Italian Meringue Buttercream


After discovering Italian meringue buttercream, the real stuff made with sugar, eggs and what-should-be-illegal amounts of butter, I rarely whip up a frosting that calls for powdered sugar anymore. I don’t entirely eschew powdered sugar – I enjoy a fluffy, powdered-sugar-sweetened cream cheese frosting every now and then, but most of my cakes are adorned with smooth layers, thick fillings and flirty swirls of silky, melt-in-your-mouth buttercream.

Italian meringue buttercream is deceptively light-tasting with a smooth texture that allows it to glide easily onto cake. It sets quickly in the refrigerator or freezer when you’re assembling cake layers and applying frosting coats, and piped decorations of buttercream hold their shapes at room temperature better and longer than the average frosting. These qualities make it a dream for decorating.


The recipe I’m sharing belongs to my friend, Amanda, who inspired my affection for lemon curd and helped me pull off my daughter’s first birthday cake. Although I’ve made my own buttercream for years, I have always claimed Amanda’s is superior. Lucky for me – and all of us – she left her secret recipe sitting on my kitchen table a few months ago.
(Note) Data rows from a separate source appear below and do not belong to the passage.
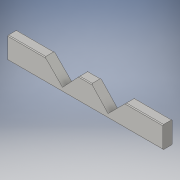
# Autodesk Inventor part: Lower Decoration
Saved by Autodesk Inventor 2016 (Build 200138000, 138)
## iProperties
Created: 2016-07-05
Part Number: Lower Decoration
Material: Generic
Document SubType Name: Modeling
Designer: kurti
Density: 1 g/cm^3
Appearance: Default
Author: kurti
Autodesk Inventor part; units mm, degrees
ref_plane "YZ Plane" through (0, 0, 0) normal (1, 0, 0) x (0, 1, 0)
ref_plane "XZ Plane" through (0, 0, 0) normal (0, 1, 0) x (-1, 0, 0)
ref_plane "XY Plane" through (0, 0, 0) normal (0, 0, 1) x (1, 0, 0)
sketch "Sketch1" plane through (0, 0, 0) normal (0, 0, 1) x (1, 0, 0)
  line L0 (0, 0) -> (635, 0)
  line L1 (635, 0) -> (635, 88.9)
  line L2 (0, 0) -> (0, 88.9)
  line L3 (0, 88.9) -> (152.4, 88.9)
  line L4 (635, 88.9) -> (482.6, 88.9)
  line L5 (482.6, 88.9) -> (152.4, 88.9) construction
  line L6 (317.5, 88.9) -> (292.1, 88.9)
  line L7 (317.5, 88.9) -> (342.9, 88.9)
  line L8 (482.6, 88.9) -> (410.758, 17.058)
  line L9 (482.6, 88.9) -> (584.2, 88.9) construction
  line L10 (342.9, 88.9) -> (410.758, 17.058)
  line L11 (152.4, 88.9) -> (224.242, 17.058)
  line L12 (152.4, 88.9) -> (254, 88.9) construction
  line L13 (224.242, 17.058) -> (292.1, 88.9)
  dimension "d0" = 635
  dimension "d1" = 88.9
  dimension "d2" = 88.9
  dimension "d3" = 152.4
  dimension "d4" = 152.4
  dimension "d5" = 25.4
  dimension "d6" = 25.4
  dimension "d7" = 101.6
  dimension "d8" = 135
  dimension "d9" = 101.6
  dimension "d10" = 45
  constraints: 28 end point, 4 horizontal, 2 equal length, 2 perpendicular, 2 point on line, 1 midpoint, 1 vertical
  measures "d0" distance of L0.start L0.end
  measures "d1" distance of L0.end L1.end
  measures "d2" distance of L0.start L2.end
  measures "d3" distance of L2.end L3.end
  measures "d4" distance of L1.end L4.end
  measures "d5" distance of L6.start L6.end
  measures "d6" distance of L6.start L7.end
  measures "d7" distance of L4.end L8.end
  measures "d8" angle of L8 L9
  measures "d9" distance of L3.end L11.end
  measures "d10" angle of L11 L12
extrude "Extrusion1" add sketch "Sketch1" along normal blind 38.1
fillet "Fillet1" radius 3.175 8 edges at (317.5, 0, 0) (76.2, 88.9, 0) (304.8, 88.9, 0) (558.8, 88.9, 0) (558.8, 88.9, 38.1) (304.8, 88.9, 38.1) (76.2, 88.9, 38.1) (317.5, 0, 38.1)
body "Solid1"

I attempted to blackmail her, but because she’s the generous sort, she didn’t mind passing along the recipe. By this point, she is probably used to me stealing things.

It is, be forewarned, called buttercream for a reason. You may wish to steady yourself on a guardrail or sturdy chair before reading the required amount of butter. I would submit, so we all can momentarily remove ourselves of guilt, that buttercream is a special occasion creation, not a weekly luxury, although once you taste it, you may find yourself dreaming up all kinds of occasions worthy of such an indulgence.


My last piece of advice is to store your decorated cakes or cupcakes in a safe place, lest any small animals find and pillage your prized goodies.


Yield: 7 cups



1/2 cup water
2 1/4 cups sugar
1 teaspoon light corn syrup (to keep the sugar from crystallizing)
6 egg whites (pasteurized if you wish)
1 tablespoon vanilla extract
1 1/2 lbs (6 sticks) unsalted butter at room temperature


Add the sugar and corn syrup to a small pot, then slowly poor water over top, making sure no sugar is above water level, stirring if necessary. Attach a candy thermometer to side of pot. Turn heat to medium-high. Bring sugar water to 240 degrees F.

While the sugar is heating, beat the eggs in the bowl of a mixer on medium speed until stiff peaks form. Slow the mixer down if they reach this point before the sugar reaches 240 F.

When the sugar is ready, remove from heat. Turn the mixer on high, and slowly — VERY SLOWLY (I didn’t realize how slowly one must do this until I watched Amanda demonstrate) — pour the sugar into the bowl, close to the edge and away from the beater, to avoid it from splattering against the sides of the bowl, where it will immediately harden. (Confession: mine almost always splatters a bit so don’t lose hope if yours does, just keep pouring with a slow and steady hand.) When all of the sugar has been poured in, continue beating the mixture on high until the bowl is cool to touch. This takes 10-15 minutes, give or take a few.

With the mixer on low-medium speed, add the butter, piece by piece until it is fully incorporated. The buttercream may break apart before starting to thicken up. Don’t fret — just keep mixing. Add the vanilla. Beat on medium for an additional minute.

You can decorate your cake or cupcakes immediately with the buttercream or store it in the fridge or freezer for future use, in which case it will need to be brought to room temperature and possibly whipped again lightly before using.